» **YOUR TASK**: Every line from the one with "#27=LINE('',#26,#25);" to the one with "#53=LINE('',#52,#51);", including those two, is to be copied exactly; all other lines of the entries below are left out.

» **RECORD EXCERPTS**:

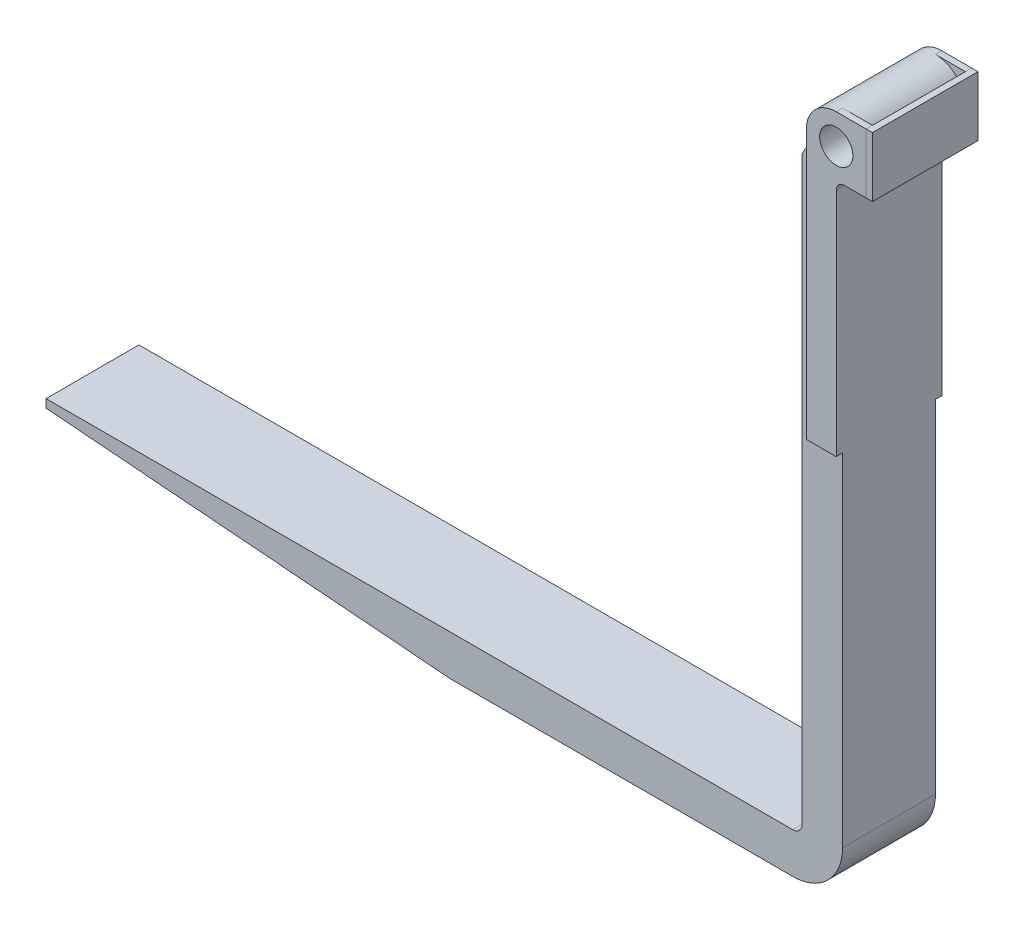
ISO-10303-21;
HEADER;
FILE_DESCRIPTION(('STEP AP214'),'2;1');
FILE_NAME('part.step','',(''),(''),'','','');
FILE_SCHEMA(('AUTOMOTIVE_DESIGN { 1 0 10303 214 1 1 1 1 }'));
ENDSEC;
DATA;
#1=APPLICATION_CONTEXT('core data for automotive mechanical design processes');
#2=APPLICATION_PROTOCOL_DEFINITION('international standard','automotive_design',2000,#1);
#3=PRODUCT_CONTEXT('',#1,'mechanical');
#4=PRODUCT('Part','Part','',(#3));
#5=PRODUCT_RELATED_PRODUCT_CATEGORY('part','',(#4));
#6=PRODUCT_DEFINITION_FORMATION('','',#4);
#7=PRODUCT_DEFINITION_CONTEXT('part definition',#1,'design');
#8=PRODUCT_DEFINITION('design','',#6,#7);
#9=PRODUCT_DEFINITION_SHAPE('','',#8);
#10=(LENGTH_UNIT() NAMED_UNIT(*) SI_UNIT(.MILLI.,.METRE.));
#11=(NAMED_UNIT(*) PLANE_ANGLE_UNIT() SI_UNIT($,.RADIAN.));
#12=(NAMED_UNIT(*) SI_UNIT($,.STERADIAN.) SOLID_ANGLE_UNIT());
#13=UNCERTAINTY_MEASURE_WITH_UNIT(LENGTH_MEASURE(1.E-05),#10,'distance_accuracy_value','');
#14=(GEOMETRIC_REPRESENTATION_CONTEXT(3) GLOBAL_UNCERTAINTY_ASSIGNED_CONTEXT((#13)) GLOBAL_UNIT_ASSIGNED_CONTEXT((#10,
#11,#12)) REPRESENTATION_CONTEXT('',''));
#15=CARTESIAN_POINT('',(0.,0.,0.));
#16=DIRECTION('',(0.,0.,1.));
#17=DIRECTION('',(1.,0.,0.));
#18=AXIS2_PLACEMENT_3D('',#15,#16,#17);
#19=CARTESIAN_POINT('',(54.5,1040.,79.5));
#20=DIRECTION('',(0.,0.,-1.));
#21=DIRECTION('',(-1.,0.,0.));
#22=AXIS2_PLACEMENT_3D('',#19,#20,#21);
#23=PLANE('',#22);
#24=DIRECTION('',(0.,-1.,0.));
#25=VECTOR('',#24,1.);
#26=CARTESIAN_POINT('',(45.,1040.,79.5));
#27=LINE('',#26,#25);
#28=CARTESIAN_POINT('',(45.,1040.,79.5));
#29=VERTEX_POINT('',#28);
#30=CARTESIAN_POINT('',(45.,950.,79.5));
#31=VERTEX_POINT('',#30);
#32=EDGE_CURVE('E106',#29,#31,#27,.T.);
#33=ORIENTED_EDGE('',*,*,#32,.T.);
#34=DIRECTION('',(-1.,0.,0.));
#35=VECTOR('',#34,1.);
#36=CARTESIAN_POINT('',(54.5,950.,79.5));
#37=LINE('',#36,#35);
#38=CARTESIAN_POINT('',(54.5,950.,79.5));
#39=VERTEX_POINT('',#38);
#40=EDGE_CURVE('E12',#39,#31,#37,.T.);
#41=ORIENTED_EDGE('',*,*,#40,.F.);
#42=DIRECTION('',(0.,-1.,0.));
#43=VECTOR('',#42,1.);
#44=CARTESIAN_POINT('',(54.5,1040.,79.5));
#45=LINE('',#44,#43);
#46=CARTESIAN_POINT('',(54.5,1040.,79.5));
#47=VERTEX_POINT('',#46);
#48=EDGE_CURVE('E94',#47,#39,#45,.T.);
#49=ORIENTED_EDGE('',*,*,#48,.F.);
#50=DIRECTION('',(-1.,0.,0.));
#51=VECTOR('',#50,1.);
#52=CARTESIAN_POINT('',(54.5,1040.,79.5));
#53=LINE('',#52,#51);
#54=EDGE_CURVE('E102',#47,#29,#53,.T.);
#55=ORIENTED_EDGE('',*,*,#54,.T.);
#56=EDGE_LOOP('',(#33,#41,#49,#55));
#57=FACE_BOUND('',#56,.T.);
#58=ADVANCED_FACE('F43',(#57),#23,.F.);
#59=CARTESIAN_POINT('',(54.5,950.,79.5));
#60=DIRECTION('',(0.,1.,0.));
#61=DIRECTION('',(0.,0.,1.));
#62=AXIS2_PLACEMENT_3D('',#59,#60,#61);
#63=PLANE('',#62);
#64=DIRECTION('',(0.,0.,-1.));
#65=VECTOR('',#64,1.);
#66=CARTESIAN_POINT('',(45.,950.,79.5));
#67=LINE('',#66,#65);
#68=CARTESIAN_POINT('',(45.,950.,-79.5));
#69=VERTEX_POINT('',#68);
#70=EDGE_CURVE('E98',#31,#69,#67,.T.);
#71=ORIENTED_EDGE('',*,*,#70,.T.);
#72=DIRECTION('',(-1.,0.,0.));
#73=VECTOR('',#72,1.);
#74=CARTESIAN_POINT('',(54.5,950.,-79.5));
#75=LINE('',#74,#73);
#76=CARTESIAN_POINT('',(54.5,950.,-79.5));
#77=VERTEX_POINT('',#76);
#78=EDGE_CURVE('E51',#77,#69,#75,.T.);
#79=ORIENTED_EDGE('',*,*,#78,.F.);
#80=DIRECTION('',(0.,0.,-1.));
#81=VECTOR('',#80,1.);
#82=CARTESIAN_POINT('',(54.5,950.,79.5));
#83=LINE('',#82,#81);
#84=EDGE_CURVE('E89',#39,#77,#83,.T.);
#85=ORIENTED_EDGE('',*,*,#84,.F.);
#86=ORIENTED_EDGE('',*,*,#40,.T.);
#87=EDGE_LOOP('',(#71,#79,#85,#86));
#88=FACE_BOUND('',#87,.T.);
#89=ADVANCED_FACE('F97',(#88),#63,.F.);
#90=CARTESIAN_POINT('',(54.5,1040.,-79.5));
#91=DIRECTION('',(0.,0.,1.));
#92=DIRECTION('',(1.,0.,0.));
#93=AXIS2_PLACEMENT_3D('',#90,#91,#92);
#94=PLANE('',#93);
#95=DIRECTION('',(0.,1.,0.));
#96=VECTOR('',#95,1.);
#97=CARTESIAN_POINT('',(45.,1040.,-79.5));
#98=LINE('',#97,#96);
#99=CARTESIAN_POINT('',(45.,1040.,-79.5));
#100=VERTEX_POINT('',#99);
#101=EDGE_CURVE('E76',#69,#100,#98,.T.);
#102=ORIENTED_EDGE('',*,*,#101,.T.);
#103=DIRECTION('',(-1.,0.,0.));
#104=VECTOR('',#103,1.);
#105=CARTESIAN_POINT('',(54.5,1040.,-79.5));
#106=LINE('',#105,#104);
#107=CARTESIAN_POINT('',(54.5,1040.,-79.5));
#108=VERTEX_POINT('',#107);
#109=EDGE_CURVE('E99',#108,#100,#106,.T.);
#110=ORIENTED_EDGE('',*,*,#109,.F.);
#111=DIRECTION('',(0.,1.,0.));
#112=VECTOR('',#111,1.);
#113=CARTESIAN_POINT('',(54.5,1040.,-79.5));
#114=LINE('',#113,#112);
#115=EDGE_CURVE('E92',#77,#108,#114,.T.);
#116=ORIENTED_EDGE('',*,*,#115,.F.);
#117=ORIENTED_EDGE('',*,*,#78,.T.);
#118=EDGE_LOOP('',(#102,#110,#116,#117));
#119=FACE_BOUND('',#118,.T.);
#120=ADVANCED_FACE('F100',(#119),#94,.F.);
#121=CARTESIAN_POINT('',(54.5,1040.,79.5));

» **TASK RESPONSE**:
#27=LINE('',#26,#25);
#28=CARTESIAN_POINT('',(45.,1040.,79.5));
#29=VERTEX_POINT('',#28);
#30=CARTESIAN_POINT('',(45.,950.,79.5));
#31=VERTEX_POINT('',#30);
#32=EDGE_CURVE('E106',#29,#31,#27,.T.);
#33=ORIENTED_EDGE('',*,*,#32,.T.);
#34=DIRECTION('',(-1.,0.,0.));
#35=VECTOR('',#34,1.);
#36=CARTESIAN_POINT('',(54.5,950.,79.5));
#37=LINE('',#36,#35);
#38=CARTESIAN_POINT('',(54.5,950.,79.5));
#39=VERTEX_POINT('',#38);
#40=EDGE_CURVE('E12',#39,#31,#37,.T.);
#41=ORIENTED_EDGE('',*,*,#40,.F.);
#42=DIRECTION('',(0.,-1.,0.));
#43=VECTOR('',#42,1.);
#44=CARTESIAN_POINT('',(54.5,1040.,79.5));
#45=LINE('',#44,#43);
#46=CARTESIAN_POINT('',(54.5,1040.,79.5));
#47=VERTEX_POINT('',#46);
#48=EDGE_CURVE('E94',#47,#39,#45,.T.);
#49=ORIENTED_EDGE('',*,*,#48,.F.);
#50=DIRECTION('',(-1.,0.,0.));
#51=VECTOR('',#50,1.);
#52=CARTESIAN_POINT('',(54.5,1040.,79.5));
#53=LINE('',#52,#51);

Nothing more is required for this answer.